I need to write a function involving subsetting a df by a variable n bins. Like, if n is 2, then subsample the df some number of times in two bins (from the first half, then from the second half). If n is 3, subsample in 3 bins (first 1/3, second 1/3, third 1/3). I've been doing this for different lengths of n manually so far, and I know there must be a better way to do it. I want to write it into a function with n as an input, but I can't make it work so far. Code below.
# create df
df <- data.frame(year = c(1:46),
sample = seq(from=10,to=30,length.out = 46) + rnorm(46,mean=0,sd=2) )
# real df has some NAs, so we'll add some here
df[c(20,32),2] <- NA
this df is 46 years of sampling. I want to pretend instead of 46 samples, I only took 2, but at one random year in the first half (1:23), and one random year in the second half (24:46).
# to subset in 2 groups, say, 200 times
# I'll make a df of elements to sample
samplelist <- data.frame(firstsample = sample(1:(nrow(df)/2),200,replace = T), # first sample in first half of vector
secondsample = sample((nrow(df)/2):nrow(df),200, replace = T) )# second sample in second half of vector
samplelist <- as.matrix(samplelist)
# start a df to add to
plot_df <- df %>% mutate(first='all',
second = 'all',
group='full')
# fill the df using coords from expand.grid
for(i in 1:nrow(samplelist)){
plot_df <<- rbind(plot_df,
df[samplelist[i,] , ] %>%
mutate(
first = samplelist[i,1],
second = samplelist[i,2],
group = i
))
print(i)
}
(If we can make it skip samples on "NA" sample years, that would be extra good).
So, if I wanted to do this for three points instead of two, I'd repeat the process like this:
# to subset in 3 groups 200 times
# I'll make a df of elements to sample
samplelist <- data.frame(firstsample = sample(1:(nrow(df)/3),200,replace = T), # first sample in first 1/3
secondsample = sample(round(nrow(df)/3):round(nrow(df)*(2/3)),200, replace = T), # second sample in second 1/3
thirdsample = sample(round(nrow(df)*(2/3)):nrow(df), 200, replace=T) # third sample in last 1/3
)
samplelist <- as.matrix(samplelist)
# start a df to add to
plot_df <- df %>% mutate(first='all',
second = 'all',
third = 'all',
group='full')
# fill the df using coords from expand.grid
for(i in 1:nrow(samplelist)){
plot_df <<- rbind(plot_df,
df[samplelist[i,] , ] %>%
mutate(
first = samplelist[i,1],
second = samplelist[i,2],
third = samplelist[i,3],
group = i
))
print(i)
}
but, I want to do this many times, sampling up to ~20 times (so in 20 bins), so this manual method is not sustainable.
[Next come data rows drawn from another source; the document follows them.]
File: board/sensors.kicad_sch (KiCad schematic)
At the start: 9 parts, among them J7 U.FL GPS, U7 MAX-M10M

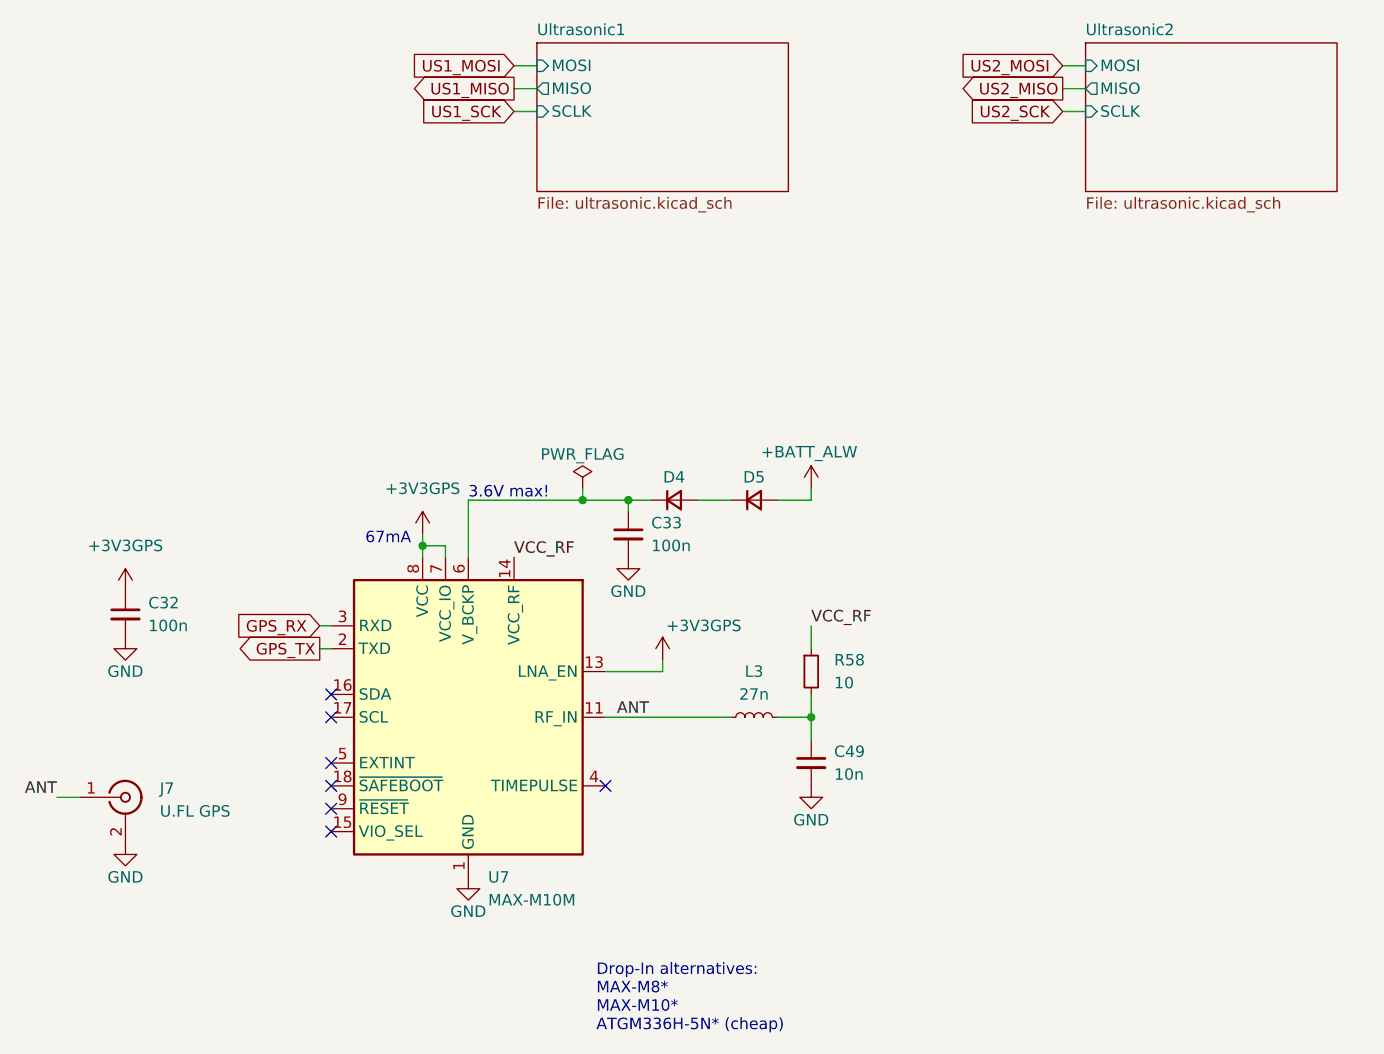
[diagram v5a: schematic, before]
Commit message: Update schematic and PCB layout
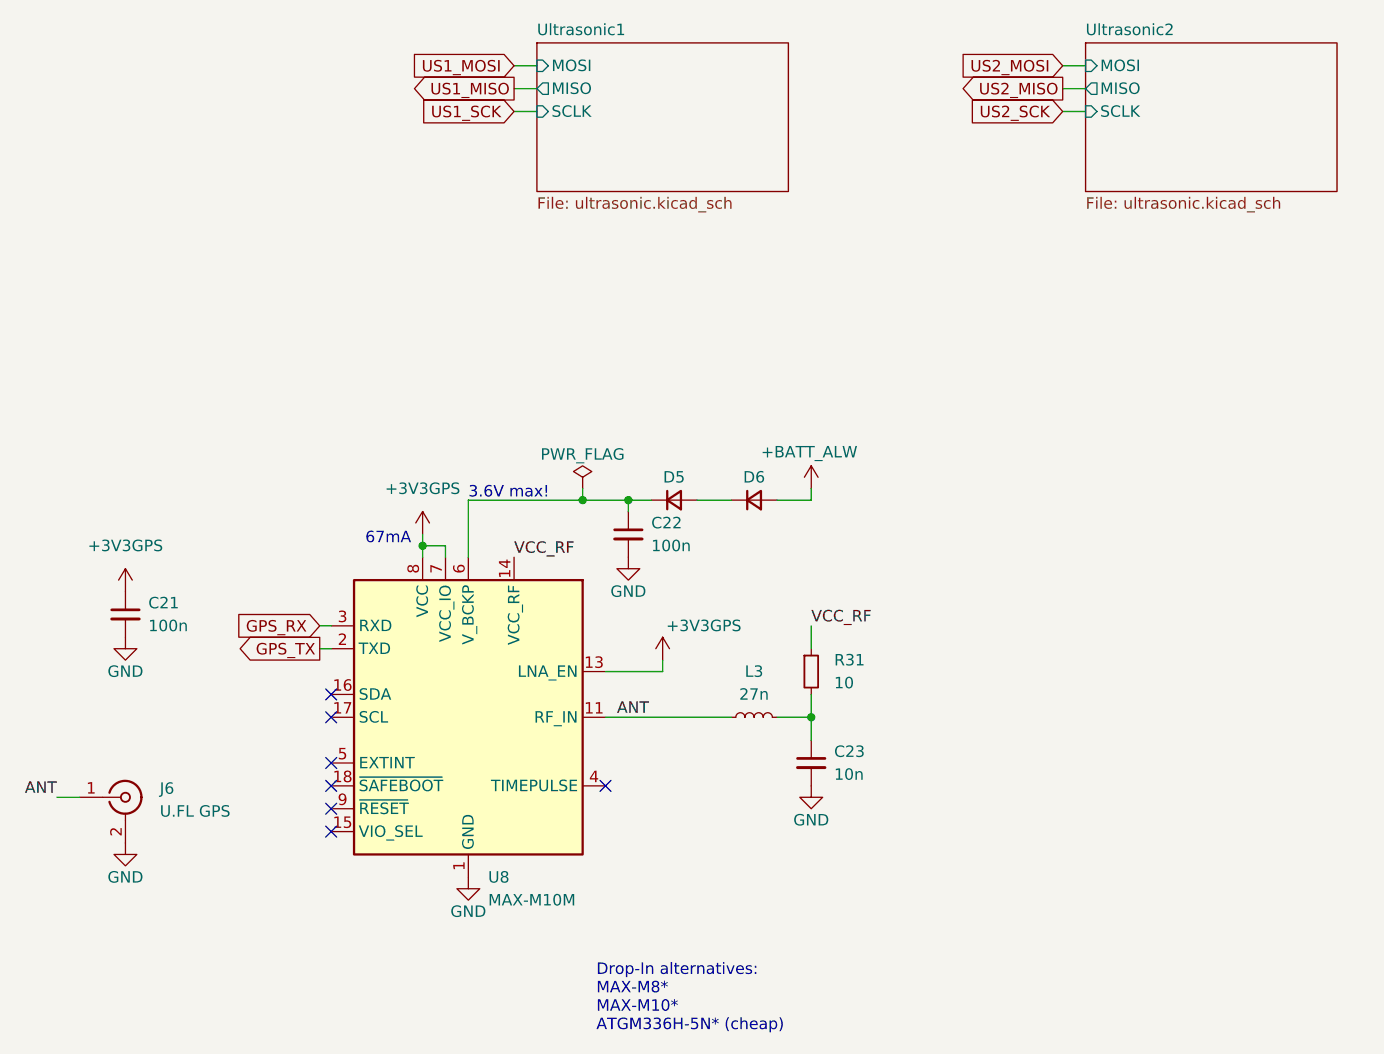
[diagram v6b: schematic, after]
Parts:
- renumbered C32 to C21, C33 to C22, C49 to C23, D4 to D5, D5 to D6, J7 to J6, R58 to R31, U7 to U8
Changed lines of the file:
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@@
 		(dnp no)
 		(fields_autoplaced yes)
-		(property "Reference" "#PWR092"
+		(property "Reference" "#PWR070"
 			(at 85.09 104.14 0)
 			(effects
@@
 			(project "OBSPro"
 				(path "/1b575199-a76e-4620-8a1a-43f78ed7da24/92aed634-9154-4b6d-b7ec-aef540896df2"
-					(reference "#PWR092")
+					(reference "#PWR070")
 					(unit 1)
 				)
@@
 		(on_board yes)
 		(dnp no)
-		(property "Reference" "D4"
+		(property "Reference" "D5"
 			(at 90.17 88.9 0)
 			(effects
@@
 			(project "OBSPro"
 				(path "/1b575199-a76e-4620-8a1a-43f78ed7da24/92aed634-9154-4b6d-b7ec-aef540896df2"
-					(reference "D4")
+					(reference "D5")
 					(unit 1)
 				)
@@
 		(dnp no)
 		(fields_autoplaced yes)
-		(property "Reference" "#PWR091"
+		(property "Reference" "#PWR066"
 			(at 29.21 113.03 0)
 			(effects
@@
 			(project "OBSPro"
 				(path "/1b575199-a76e-4620-8a1a-43f78ed7da24/92aed634-9154-4b6d-b7ec-aef540896df2"
-					(reference "#PWR091")
+					(reference "#PWR066")
 					(unit 1)
 				)
@@
 		(dnp no)
 		(fields_autoplaced yes)
-		(property "Reference" "C49"
+		(property "Reference" "C23"
 			(at 107.95 119.3862 0)
 			(effects
@@
 			(project "OBSPro"
 				(path "/1b575199-a76e-4620-8a1a-43f78ed7da24/92aed634-9154-4b6d-b7ec-aef540896df2"
-					(reference "C49")
+					(reference "C23")
 					(unit 1)
 				)
@@
 		(dnp no)
 		(fields_autoplaced yes)
-		(property "Reference" "#PWR088"
+		(property "Reference" "#PWR065"
 			(at 29.21 105.41 0)
 			(effects
@@
 			(project "OBSPro"
 				(path "/1b575199-a76e-4620-8a1a-43f78ed7da24/92aed634-9154-4b6d-b7ec-aef540896df2"
-					(reference "#PWR088")
+					(reference "#PWR065")
 					(unit 1)
 				)
@@
 		(dnp no)
 		(fields_autoplaced yes)
-		(property "Reference" "U7"
+		(property "Reference" "U8"
 			(at 69.5041 133.35 0)
 			(effects
@@
 			(project "OBSPro"
 				(path "/1b575199-a76e-4620-8a1a-43f78ed7da24/92aed634-9154-4b6d-b7ec-aef540896df2"
-					(reference "U7")
+					(reference "U8")
 					(unit 1)
 				)
@@
 		(dnp no)
 		(fields_autoplaced yes)
-		(property "Reference" "C32"
+		(property "Reference" "C21"
 			(at 31.75 102.8762 0)
 			(effects
@@
 			(project "OBSPro"
 				(path "/1b575199-a76e-4620-8a1a-43f78ed7da24/92aed634-9154-4b6d-b7ec-aef540896df2"
-					(reference "C32")
+					(reference "C21")
 					(unit 1)
 				)
@@
 		(dnp no)
 		(fields_autoplaced yes)
-		(property "Reference" "J7"
+		(property "Reference" "J6"
 			(at 33.02 123.4831 0)
 			(effects
@@
 			(project "OBSPro"
 				(path "/1b575199-a76e-4620-8a1a-43f78ed7da24/92aed634-9154-4b6d-b7ec-aef540896df2"
-					(reference "J7")
+					(reference "J6")
 					(unit 1)
 				)
@@
 		(on_board yes)
 		(dnp no)
-		(property "Reference" "#PWR0102"
+		(property "Reference" "#PWR071"
 			(at 88.9 113.03 0)
 			(effects
@@
 			(project "OBSPro"
 				(path "/1b575199-a76e-4620-8a1a-43f78ed7da24/92aed634-9154-4b6d-b7ec-aef540896df2"
-					(reference "#PWR0102")
+					(reference "#PWR071")
 					(unit 1)
 				)
@@
 		(dnp no)
 		(fields_autoplaced yes)
-		(property "Reference" "#PWR093"
+		(property "Reference" "#PWR069"
 			(at 67.31 139.7 0)
 			(effects
@@
 			(project "OBSPro"
 				(path "/1b575199-a76e-4620-8a1a-43f78ed7da24/92aed634-9154-4b6d-b7ec-aef540896df2"
-					(reference "#PWR093")
+					(reference "#PWR069")
 					(unit 1)
 				)
@@
 		(dnp no)
 		(fields_autoplaced yes)
-		(property "Reference" "C33"
+		(property "Reference" "C22"
 			(at 87.63 93.9862 0)
 			(effects
@@
 			(project "OBSPro"
 				(path "/1b575199-a76e-4620-8a1a-43f78ed7da24/92aed634-9154-4b6d-b7ec-aef540896df2"
-					(reference "C33")
+					(reference "C22")
 					(unit 1)
 				)
@@
 		(dnp no)
 		(fields_autoplaced yes)
-		(property "Reference" "#PWR043"
+		(property "Reference" "#PWR073"
 			(at 105.41 129.54 0)
 			(effects
@@
 			(project "OBSPro"
 				(path "/1b575199-a76e-4620-8a1a-43f78ed7da24/92aed634-9154-4b6d-b7ec-aef540896df2"
-					(reference "#PWR043")
+					(reference "#PWR073")
 					(unit 1)
 				)
@@
 		(on_board yes)
 		(dnp no)
-		(property "Reference" "D5"
+		(property "Reference" "D6"
 			(at 99.06 88.9 0)
 			(effects
@@
 			(project "OBSPro"
 				(path "/1b575199-a76e-4620-8a1a-43f78ed7da24/92aed634-9154-4b6d-b7ec-aef540896df2"
-					(reference "D5")
+					(reference "D6")
 					(unit 1)
 				)
@@
 		(dnp no)
 		(fields_autoplaced yes)
-		(property "Reference" "#PWR042"
+		(property "Reference" "#PWR067"
 			(at 29.21 135.89 0)
 			(effects
@@
 			(project "OBSPro"
 				(path "/1b575199-a76e-4620-8a1a-43f78ed7da24/92aed634-9154-4b6d-b7ec-aef540896df2"
-					(reference "#PWR042")
+					(reference "#PWR067")
 					(unit 1)
 				)
@@
 		(on_board yes)
 		(dnp no)
-		(property "Reference" "#PWR090"
+		(property "Reference" "#PWR072"
 			(at 105.41 93.98 0)
 			(effects
@@
 			(project "OBSPro"
 				(path "/1b575199-a76e-4620-8a1a-43f78ed7da24/92aed634-9154-4b6d-b7ec-aef540896df2"
-					(reference "#PWR090")
+					(reference "#PWR072")
 					(unit 1)
 				)
@@
 		(dnp no)
 		(fields_autoplaced yes)
-		(property "Reference" "R58"
+		(property "Reference" "R31"
 			(at 107.95 109.22 0)
 			(effects
@@
 			(project "OBSPro"
 				(path "/1b575199-a76e-4620-8a1a-43f78ed7da24/92aed634-9154-4b6d-b7ec-aef540896df2"
-					(reference "R58")
+					(reference "R31")
 					(unit 1)
 				)
@@
 		(dnp no)
 		(fields_autoplaced yes)
-		(property "Reference" "#PWR089"
+		(property "Reference" "#PWR068"
 			(at 62.23 99.06 0)
 			(effects
@@
 			(project "OBSPro"
 				(path "/1b575199-a76e-4620-8a1a-43f78ed7da24/92aed634-9154-4b6d-b7ec-aef540896df2"
-					(reference "#PWR089")
+					(reference "#PWR068")
 					(unit 1)
 				)
@@
 		(on_board yes)
 		(dnp no)
-		(property "Reference" "#FLG07"
+		(property "Reference" "#FLG08"
 			(at 80.01 88.265 0)
 			(effects
@@
 			(project "OBSPro"
 				(path "/1b575199-a76e-4620-8a1a-43f78ed7da24/92aed634-9154-4b6d-b7ec-aef540896df2"
-					(reference "#FLG07")
+					(reference "#FLG08")
 					(unit 1)
 				)

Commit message: Various PCB tweaks, add power LED, add BOOT button
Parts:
- C21, C22: JLC_BasicPart yes -> (none); JLC_Price1 0.042 -> (none); JLC_Price10 0.0021 -> (none); JLC_Price100 0.0021 -> (none); JLC_Price1000 0.0014 -> (none); PCBA yes -> (none); kicost:JLC:pricing 1: USD 0.0020; 200: USD 0.0016; 800: USD 0.0013; 1600: USD 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 -> (none)
- D5, D6: JLC_BasicPart yes -> (none); JLC_Price10 0.0064 -> (none); PCBA yes -> (none); kicost:JLC:pricing 1: USD 0.0137; 50: USD 0.0111; 150: USD 0.0097; 500: USD 0.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 -> (none)
- R31: JLC_BasicPart no -> (none)
- U8: JLC_BasicPart no -> (none); JLC_Price1 21.0 -> (none); JLC_Price10 15.07 -> (none); JLC_Price100 10.32 -> (none); JLC_Price1000 10.32 -> (none); PCBA no -> (none); kicost:JLC:pricing 1: USD 21; 10: USD 15.73; 100: USD 10.32; 1000: USD 10.32 -> (none)
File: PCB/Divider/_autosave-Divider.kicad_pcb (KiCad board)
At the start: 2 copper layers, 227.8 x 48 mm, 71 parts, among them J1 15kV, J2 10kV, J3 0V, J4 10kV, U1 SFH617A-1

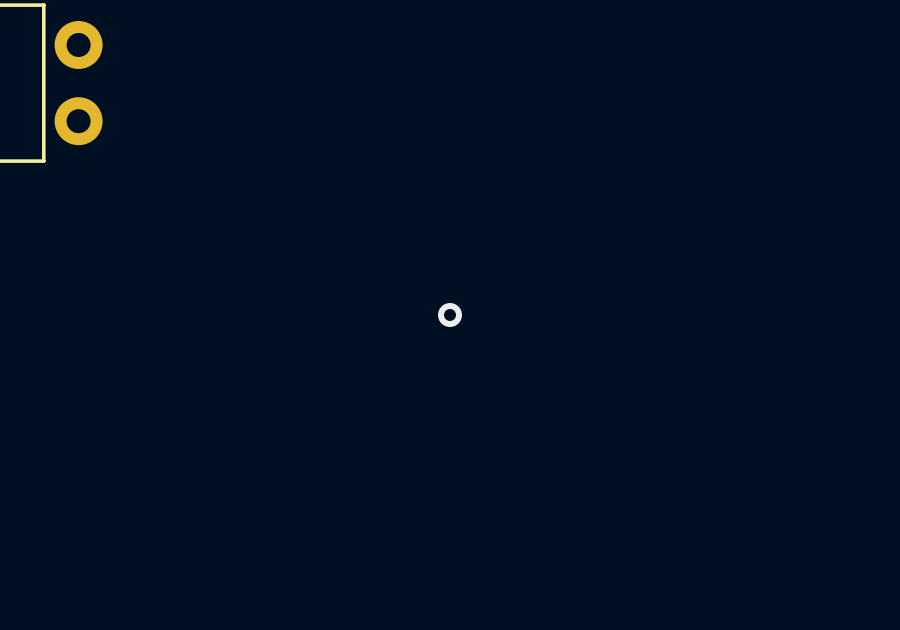
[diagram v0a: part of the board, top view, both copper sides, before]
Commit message: Begin PCB of divider
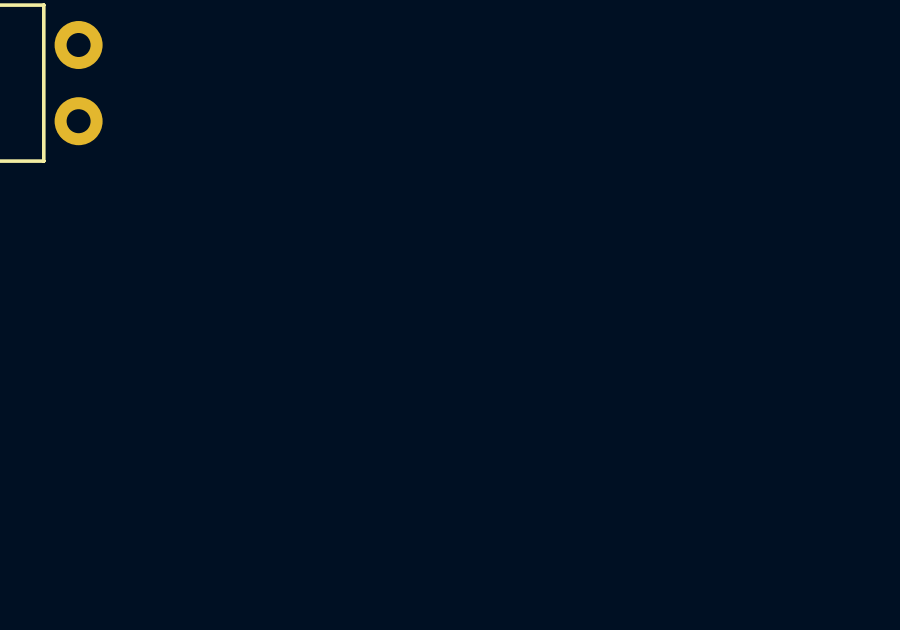
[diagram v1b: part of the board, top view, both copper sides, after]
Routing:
- net (no net): vias 1 -> 0
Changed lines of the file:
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@@
     (thickness 1.6)
     (drawings 13)
-    (tracks 1)
+    (tracks 0)
     (zones 0)
     (modules 71)
@@
   )
   (gr_line (start 152.8 52) (end 49 52) (layer Edge.Cuts) (width 0.05))
-  (via (at 240 69) (size 0.8) (drill 0.4) (layers F.Cu B.Cu) (net 0))
 )

Can you help me write a function to say "pick one sample from n bins x times"?
btw, this is the plot I am making with the complete df:
plot_df %>%
ggplot(aes(x=year,y=sample)) +
geom_point(color="grey40") +
stat_smooth(geom="line",
method = "lm",
alpha=.3,
aes(color=group,
group=group),
se=F,
show.legend = F) +
geom_line(color="grey40") +
geom_smooth(data = plot_df %>% filter(group %in% c("full")),
method = "lm",
alpha=.7,
color="black",
size=2,
#se=F,
# fill="grey40
show.legend = F
) +
theme_classic()

If I got you right, the following function splits your df in n bins, draws x samples from each and puts the results back into cols of a df:
library(tidyverse)
set.seed(42)
df <- data.frame(year = c(1:46),
sample = seq(from=10,to=30,length.out = 46) + rnorm(46,mean=0,sd=2) )
get_df_sample <- function(df, n, x) {
df %>%
# bin df in n bins of (approx.) equal length
mutate(bin = ggplot2::cut_number(seq_len(nrow(.)), n, labels = seq_len(n))) %>%
# split by bin
split(.$bin) %>%
# sample x times from each bin
map(~ .x[sample(seq_len(nrow(.x)), x, replace = TRUE),]) %>%
# keep only column "sample"
map(~ select(.x, sample)) %>%
# Rename: Add number of df-bin from which sample is drawn
imap(~ rename(.x, !!sym(paste0("sample_", .y)) := sample)) %>%
# bind
bind_cols() %>%
# Add group = rownames
rownames_to_column(var = "group")
}
get_df_sample(df, 3, 200) %>%
head()
#> sample_1 sample_2 sample_3 group
#> 1 12.58631 18.27561 24.74263 1
#> 2 19.46218 24.24423 23.44881 2
#> 3 12.92179 18.47367 27.40558 3
#> 4 15.22020 18.47367 26.29243 4
#> 5 12.58631 24.24423 24.43108 5
#> 6 19.46218 23.36464 27.40558 6
Created on 2020-03-24 by the reprex package (v0.3.0)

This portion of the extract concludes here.